前田 祐助
AGAメディカルケアクリニック 統括院長
【経歴】
- 慶應義塾大学医学部医学研究科卒業
- 慶應義塾大学病院 初期臨床研修課程終了
- 大手AGAクリニック(院長)を経て、薄毛・AGA治療の2018年AGAメディカルケアクリニック新宿院を開設
- 2020年に2院目となるAGAメディカルケアクリニック横浜院を開設
- 2023年に3院目となるAGAメディカルケアクリニック東京八重洲院を開設
【資格】
- 医師免許
- ⽇本医師会認定産業医
- 医学博士
【所属学会】
- 日本内科学会
- 日本美容皮膚科学会
- 日本臨床毛髪学会
【症例数】
- 3万人以上※
- ※2018年5月~2022年12月AGAメディカルケアクリニック全店舗の延べ患者数
AGA(男性型脱毛症)や薄毛の治療において、「ミノキシジル」といった薬の名前を耳にする方も多いのではないでしょうか。
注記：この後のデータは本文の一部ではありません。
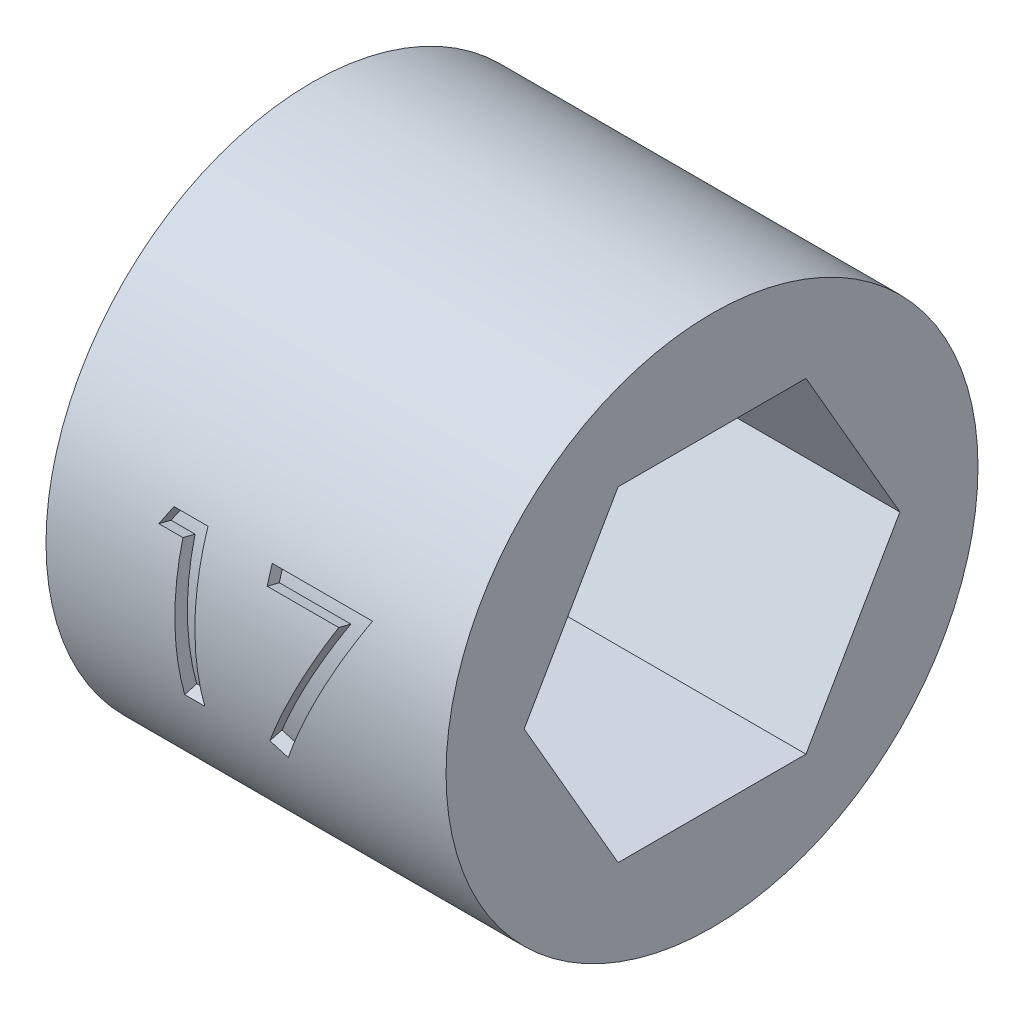
ISO-10303-21;
HEADER;
FILE_DESCRIPTION(('STEP AP214'),'2;1');
FILE_NAME('part.step','',(''),(''),'','','');
FILE_SCHEMA(('AUTOMOTIVE_DESIGN { 1 0 10303 214 1 1 1 1 }'));
ENDSEC;
DATA;
#1=APPLICATION_CONTEXT('core data for automotive mechanical design processes');
#2=APPLICATION_PROTOCOL_DEFINITION('international standard','automotive_design',2000,#1);
#3=PRODUCT_CONTEXT('',#1,'mechanical');
#4=PRODUCT('Part','Part','',(#3));
#5=PRODUCT_RELATED_PRODUCT_CATEGORY('part','',(#4));
#6=PRODUCT_DEFINITION_FORMATION('','',#4);
#7=PRODUCT_DEFINITION_CONTEXT('part definition',#1,'design');
#8=PRODUCT_DEFINITION('design','',#6,#7);
#9=PRODUCT_DEFINITION_SHAPE('','',#8);
#10=(LENGTH_UNIT() NAMED_UNIT(*) SI_UNIT(.MILLI.,.METRE.));
#11=(NAMED_UNIT(*) PLANE_ANGLE_UNIT() SI_UNIT($,.RADIAN.));
#12=(NAMED_UNIT(*) SI_UNIT($,.STERADIAN.) SOLID_ANGLE_UNIT());
#13=UNCERTAINTY_MEASURE_WITH_UNIT(LENGTH_MEASURE(1.E-05),#10,'distance_accuracy_value','');
#14=(GEOMETRIC_REPRESENTATION_CONTEXT(3) GLOBAL_UNCERTAINTY_ASSIGNED_CONTEXT((#13)) GLOBAL_UNIT_ASSIGNED_CONTEXT((#10,
#11,#12)) REPRESENTATION_CONTEXT('',''));
#15=CARTESIAN_POINT('',(0.,0.,0.));
#16=DIRECTION('',(0.,0.,1.));
#17=DIRECTION('',(1.,0.,0.));
#18=AXIS2_PLACEMENT_3D('',#15,#16,#17);
#19=CARTESIAN_POINT('',(16.23749991,0.,0.));
#20=DIRECTION('',(1.,0.,0.));
#21=DIRECTION('',(0.,0.,-1.));
#22=AXIS2_PLACEMENT_3D('',#19,#20,#21);
#23=PLANE('',#22);
#24=CARTESIAN_POINT('',(16.23749991,0.,0.));
#25=DIRECTION('',(1.,0.,0.));
#26=DIRECTION('',(0.,0.,-1.));
#27=AXIS2_PLACEMENT_3D('',#24,#25,#26);
#28=CIRCLE('',#27,10.795);
#29=CARTESIAN_POINT('',(16.23749991,0.,-10.795));
#30=VERTEX_POINT('',#29);
#31=EDGE_CURVE('E13',#30,#30,#28,.T.);
#32=ORIENTED_EDGE('',*,*,#31,.T.);
#33=EDGE_LOOP('',(#32));
#34=FACE_BOUND('',#33,.T.);
#35=DIRECTION('',(0.,0.866025403784438,0.500000000000001));
#36=VECTOR('',#35,1.);
#37=CARTESIAN_POINT('',(16.23749991,0.,-7.62564235545655));
#38=LINE('',#37,#36);
#39=CARTESIAN_POINT('',(16.23749991,0.,-7.62564235545655));
#40=VERTEX_POINT('',#39);
#41=CARTESIAN_POINT('',(16.23749991,6.60399999999998,-3.81282117772826));
#42=VERTEX_POINT('',#41);
#43=EDGE_CURVE('E691',#40,#42,#38,.T.);
#44=ORIENTED_EDGE('',*,*,#43,.F.);
#45=DIRECTION('',(0.,0.866025403784441,-0.499999999999995));
#46=VECTOR('',#45,1.);
#47=CARTESIAN_POINT('',(16.23749991,-6.60399999999993,-3.81282117772835));
#48=LINE('',#47,#46);
#49=CARTESIAN_POINT('',(16.23749991,-6.60399999999993,-3.81282117772835));
#50=VERTEX_POINT('',#49);
#51=EDGE_CURVE('E668',#50,#40,#48,.T.);
#52=ORIENTED_EDGE('',*,*,#51,.F.);
#53=DIRECTION('',(0.,0.,-1.));
#54=VECTOR('',#53,1.);
#55=CARTESIAN_POINT('',(16.23749991,-6.60400000000001,3.81282117772821));
#56=LINE('',#55,#54);
#57=CARTESIAN_POINT('',(16.23749991,-6.60400000000001,3.81282117772821));
#58=VERTEX_POINT('',#57);
#59=EDGE_CURVE('E664',#58,#50,#56,.T.);
#60=ORIENTED_EDGE('',*,*,#59,.F.);
#61=DIRECTION('',(0.,-0.866025403784435,-0.500000000000007));
#62=VECTOR('',#61,1.);
#63=CARTESIAN_POINT('',(16.23749991,0.,7.62564235545655));
#64=LINE('',#63,#62);
#65=CARTESIAN_POINT('',(16.23749991,0.,7.62564235545655));
#66=VERTEX_POINT('',#65);
#67=EDGE_CURVE('E684',#66,#58,#64,.T.);
#68=ORIENTED_EDGE('',*,*,#67,.F.);
#69=DIRECTION('',(0.,-0.866025403784441,0.499999999999995));
#70=VECTOR('',#69,1.);
#71=CARTESIAN_POINT('',(16.23749991,6.60399999999996,3.8128211777283));
#72=LINE('',#71,#70);
#73=CARTESIAN_POINT('',(16.23749991,6.60399999999996,3.8128211777283));
#74=VERTEX_POINT('',#73);
#75=EDGE_CURVE('E687',#74,#66,#72,.T.);
#76=ORIENTED_EDGE('',*,*,#75,.F.);
#77=DIRECTION('',(0.,0.,1.));
#78=VECTOR('',#77,1.);
#79=CARTESIAN_POINT('',(16.23749991,6.60399999999998,-3.81282117772826));
#80=LINE('',#79,#78);
#81=EDGE_CURVE('E689',#42,#74,#80,.T.);
#82=ORIENTED_EDGE('',*,*,#81,.F.);
#83=EDGE_LOOP('',(#44,#52,#60,#68,#76,#82));
#84=FACE_BOUND('',#83,.T.);
#85=ADVANCED_FACE('F363',(#34,#84),#23,.T.);
#86=CARTESIAN_POINT('',(0.,0.,0.));
#87=DIRECTION('',(1.,0.,0.));
#88=DIRECTION('',(0.,0.,-1.));
#89=AXIS2_PLACEMENT_3D('',#86,#87,#88);
#90=PLANE('',#89);
#91=CARTESIAN_POINT('',(0.,0.,0.));
#92=DIRECTION('',(1.,0.,0.));
#93=DIRECTION('',(0.,0.,-1.));
#94=AXIS2_PLACEMENT_3D('',#91,#92,#93);
#95=CIRCLE('',#94,10.795);
#96=CARTESIAN_POINT('',(0.,0.,-10.795));
#97=VERTEX_POINT('',#96);
#98=EDGE_CURVE('E374',#97,#97,#95,.T.);
#99=ORIENTED_EDGE('',*,*,#98,.F.);
#100=EDGE_LOOP('',(#99));
#101=FACE_BOUND('',#100,.T.);
#102=DIRECTION('',(0.,0.866025403784441,-0.499999999999995));
#103=VECTOR('',#102,1.);
#104=CARTESIAN_POINT('',(0.,-6.60399999999993,-3.81282117772835));
#105=LINE('',#104,#103);
#106=CARTESIAN_POINT('',(0.,-6.60399999999993,-3.81282117772835));
#107=VERTEX_POINT('',#106);
#108=CARTESIAN_POINT('',(0.,0.,-7.62564235545655));
#109=VERTEX_POINT('',#108);
#110=EDGE_CURVE('E509',#107,#109,#105,.T.);
#111=ORIENTED_EDGE('',*,*,#110,.T.);
#112=DIRECTION('',(0.,0.866025403784438,0.500000000000001));
#113=VECTOR('',#112,1.);
#114=CARTESIAN_POINT('',(0.,0.,-7.62564235545655));
#115=LINE('',#114,#113);
#116=CARTESIAN_POINT('',(0.,6.60399999999998,-3.81282117772826));
#117=VERTEX_POINT('',#116);
#118=EDGE_CURVE('E678',#109,#117,#115,.T.);
#119=ORIENTED_EDGE('',*,*,#118,.T.);
#120=DIRECTION('',(0.,0.,1.));
#121=VECTOR('',#120,1.);
#122=CARTESIAN_POINT('',(0.,6.60399999999998,-3.81282117772826));
#123=LINE('',#122,#121);
#124=CARTESIAN_POINT('',(0.,6.60399999999996,3.8128211777283));
#125=VERTEX_POINT('',#124);
#126=EDGE_CURVE('E675',#117,#125,#123,.T.);
#127=ORIENTED_EDGE('',*,*,#126,.T.);
#128=DIRECTION('',(0.,-0.866025403784441,0.499999999999995));
#129=VECTOR('',#128,1.);
#130=CARTESIAN_POINT('',(0.,6.60399999999996,3.8128211777283));
#131=LINE('',#130,#129);
#132=CARTESIAN_POINT('',(0.,0.,7.62564235545655));
#133=VERTEX_POINT('',#132);
#134=EDGE_CURVE('E672',#125,#133,#131,.T.);
#135=ORIENTED_EDGE('',*,*,#134,.T.);
#136=DIRECTION('',(0.,-0.866025403784435,-0.500000000000007));
#137=VECTOR('',#136,1.);
#138=CARTESIAN_POINT('',(0.,0.,7.62564235545655));
#139=LINE('',#138,#137);
#140=CARTESIAN_POINT('',(0.,-6.60400000000001,3.81282117772821));
#141=VERTEX_POINT('',#140);
#142=EDGE_CURVE('E669',#133,#141,#139,.T.);
#143=ORIENTED_EDGE('',*,*,#142,.T.);
#144=DIRECTION('',(0.,0.,-1.));
#145=VECTOR('',#144,1.);
#146=CARTESIAN_POINT('',(0.,-6.60400000000001,3.81282117772821));
#147=LINE('',#146,#145);
#148=EDGE_CURVE('E665',#141,#107,#147,.T.);
#149=ORIENTED_EDGE('',*,*,#148,.T.);
#150=EDGE_LOOP('',(#111,#119,#127,#135,#143,#149));
#151=FACE_BOUND('',#150,.T.);
#152=ADVANCED_FACE('F1330',(#101,#151),#90,.F.);
#153=CARTESIAN_POINT('',(16.23749991,0.,0.));
#154=DIRECTION('',(-1.,0.,0.));
#155=DIRECTION('',(0.,0.,1.));
#156=AXIS2_PLACEMENT_3D('',#153,#154,#155);
#157=CYLINDRICAL_SURFACE('',#156,10.795);
#158=CARTESIAN_POINT('',(6.04317977266915,3.34799785215524,10.2626963017505));
#159=CARTESIAN_POINT('',(5.58270563876344,3.34798552404855,10.2627003235469));
#160=CARTESIAN_POINT('',(5.12223150485772,3.34797319593462,10.262704345321));
#161=CARTESIAN_POINT('',(4.66175737095201,3.34796086781344,10.262708367073));
#162=B_SPLINE_CURVE_WITH_KNOTS('',3,(#158,#159,#160,#161),.UNSPECIFIED.,.F.,.F.,(4,4),(0.,
0.99999963804209),.UNSPECIFIED.);
#163=CARTESIAN_POINT('',(6.04317977266915,3.34799785215524,10.2626963017505));
#164=VERTEX_POINT('',#163);
#165=CARTESIAN_POINT('',(4.66175687093506,3.34796086780005,10.2627083670774));
#166=VERTEX_POINT('',#165);
#167=EDGE_CURVE('E527',#164,#166,#162,.T.);
#168=ORIENTED_EDGE('',*,*,#167,.F.);
#169=CARTESIAN_POINT('',(6.04317167885554,-2.91281495669229,10.3945915758182));
#170=CARTESIAN_POINT('',(6.04317167885554,-1.37194914945548,10.8263792931938));
#171=CARTESIAN_POINT('',(6.04317167885554,0.227365625654538,10.7926053329245));
#172=CARTESIAN_POINT('',(6.04317167885554,1.82721819927044,10.7588200155505));
#173=CARTESIAN_POINT('',(6.04317167885554,3.34799784702387,10.2626963034245));
#174=B_SPLINE_CURVE_WITH_KNOTS('',2,(#169,#170,#171,#172,#173),.UNSPECIFIED.,.F.,.F.,(3,2,3),
(0.,0.5,1.),.UNSPECIFIED.);
#175=CARTESIAN_POINT('',(6.04317167885554,-2.91281495669229,10.3945915758182));
#176=VERTEX_POINT('',#175);
#177=EDGE_CURVE('E499',#176,#164,#174,.T.);
#178=ORIENTED_EDGE('',*,*,#177,.F.);
#179=CARTESIAN_POINT('',(5.22907354558086,-2.91281746579775,10.3945908727057));
#180=DIRECTION('',(1.,0.,0.));
#181=VECTOR('',#180,1.);
#182=LINE('',#179,#181);
#183=CARTESIAN_POINT('',(5.22907354558086,-2.91281746579783,10.394590872706));
#184=VERTEX_POINT('',#183);
#185=EDGE_CURVE('E514',#184,#176,#182,.T.);
#186=ORIENTED_EDGE('',*,*,#185,.F.);
#187=CARTESIAN_POINT('',(5.22907291263783,2.64334490864245,10.4663629162166));
#188=CARTESIAN_POINT('',(5.22907291263783,1.27313266161265,10.8124185227286));
#189=CARTESIAN_POINT('',(5.22907291263783,-0.139434696625619,10.7940994513381));
#190=CARTESIAN_POINT('',(5.22907291263783,-1.55254258674846,10.7757733699865));
#191=CARTESIAN_POINT('',(5.22907291263783,-2.91281997490012,10.3945901695941));
#192=B_SPLINE_CURVE_WITH_KNOTS('',2,(#187,#188,#189,#190,#191),.UNSPECIFIED.,.F.,.F.,(3,2,3),
(0.,0.5,1.),.UNSPECIFIED.);
#193=CARTESIAN_POINT('',(5.22907291263783,2.64334490864245,10.4663629162166));
#194=VERTEX_POINT('',#193);
#195=EDGE_CURVE('E382',#194,#184,#192,.T.);
#196=ORIENTED_EDGE('',*,*,#195,.F.);
#197=CARTESIAN_POINT('',(4.25214056682369,2.64336604069233,10.4663575791636));
#198=CARTESIAN_POINT('',(4.57778451542839,2.6433589966811,10.4663593581874));
#199=CARTESIAN_POINT('',(4.90342846403312,2.64335195266808,10.4663611372042));
#200=CARTESIAN_POINT('',(5.22907241263783,2.64334490865326,10.4663629162139));
#201=B_SPLINE_CURVE_WITH_KNOTS('',3,(#197,#198,#199,#200),.UNSPECIFIED.,.F.,.F.,(4,4),(0.,
0.999999488193832),.UNSPECIFIED.);
#202=CARTESIAN_POINT('',(4.25214056682369,2.64336604069233,10.4663575791636));
#203=VERTEX_POINT('',#202);
#204=EDGE_CURVE('E561',#203,#194,#201,.T.);
#205=ORIENTED_EDGE('',*,*,#204,.F.);
#206=CARTESIAN_POINT('',(4.66175687093506,3.34796086780005,10.2627083670774));
#207=CARTESIAN_POINT('',(4.52521803608222,3.11549270364724,10.3385454939599));
#208=CARTESIAN_POINT('',(4.38867940469037,2.88044721830809,10.406480747097));
#209=CARTESIAN_POINT('',(4.25214056983753,2.64336604592545,10.4663575778419));
#210=B_SPLINE_CURVE_WITH_KNOTS('',3,(#206,#207,#208,#209),.UNSPECIFIED.,.F.,.F.,(4,4),(0.,
0.999999992642285),.UNSPECIFIED.);
#211=EDGE_CURVE('E550',#166,#203,#210,.T.);
#212=ORIENTED_EDGE('',*,*,#211,.F.);
#213=EDGE_LOOP('',(#168,#178,#186,#196,#205,#212));
#214=FACE_BOUND('',#213,.T.);
#215=CARTESIAN_POINT('',(12.7188692113992,3.34773164853551,10.2627831414969));
#216=CARTESIAN_POINT('',(11.3620143481652,3.34778988783628,10.2627641437701));
#217=CARTESIAN_POINT('',(10.0051594849311,3.34784812697534,10.2627451455476));
#218=CARTESIAN_POINT('',(8.648304621697,3.34790636595268,10.2627261468293));
#219=B_SPLINE_CURVE_WITH_KNOTS('',3,(#215,#216,#217,#218),.UNSPECIFIED.,.F.,.F.,(4,4),(0.,
0.999999877166931),.UNSPECIFIED.);
#220=CARTESIAN_POINT('',(12.7188692113992,3.34773164853551,10.2627831414969));
#221=VERTEX_POINT('',#220);
#222=CARTESIAN_POINT('',(8.648304121697,3.34790636597414,10.2627261468223));
#223=VERTEX_POINT('',#222);
#224=EDGE_CURVE('E604',#221,#223,#219,.T.);
#225=ORIENTED_EDGE('',*,*,#224,.F.);
#226=CARTESIAN_POINT('',(9.38861175680499,-3.06951937423919,10.349399780237));
#227=CARTESIAN_POINT('',(9.94368245447618,-2.02824426737205,10.6582306479503));
#228=CARTESIAN_POINT('',(10.4986975740836,-0.940262710048668,10.8086744459333));
#229=CARTESIAN_POINT('',(11.6087833913622,1.23164649225113,10.7793591720568));
#230=CARTESIAN_POINT('',(12.1637985109696,2.31517122047358,10.5996055385531));
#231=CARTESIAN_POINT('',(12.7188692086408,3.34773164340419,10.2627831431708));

もともと高血圧の治療薬として開発された経緯がありますが、現在では発毛を促す役割が知られており、さまざまなクリニックで処方されています。
一方で「内服薬と外用薬はどう違うのか」「副作用のリスクはあるのか」と疑問を抱く方も少なくありません。
この記事では、ミノキシジル内服薬の特徴や効果、副作用、注意点までを総合的に解説します。
ミノキシジルとは?
ミノキシジルは血管を拡張させ、頭皮の血流を促す作用がある成分です。血流が良くなると、髪の毛をつくる毛母細胞へより多くの栄養が届きやすくなり、薄毛や脱毛症などが改善しやすくなると考えられています。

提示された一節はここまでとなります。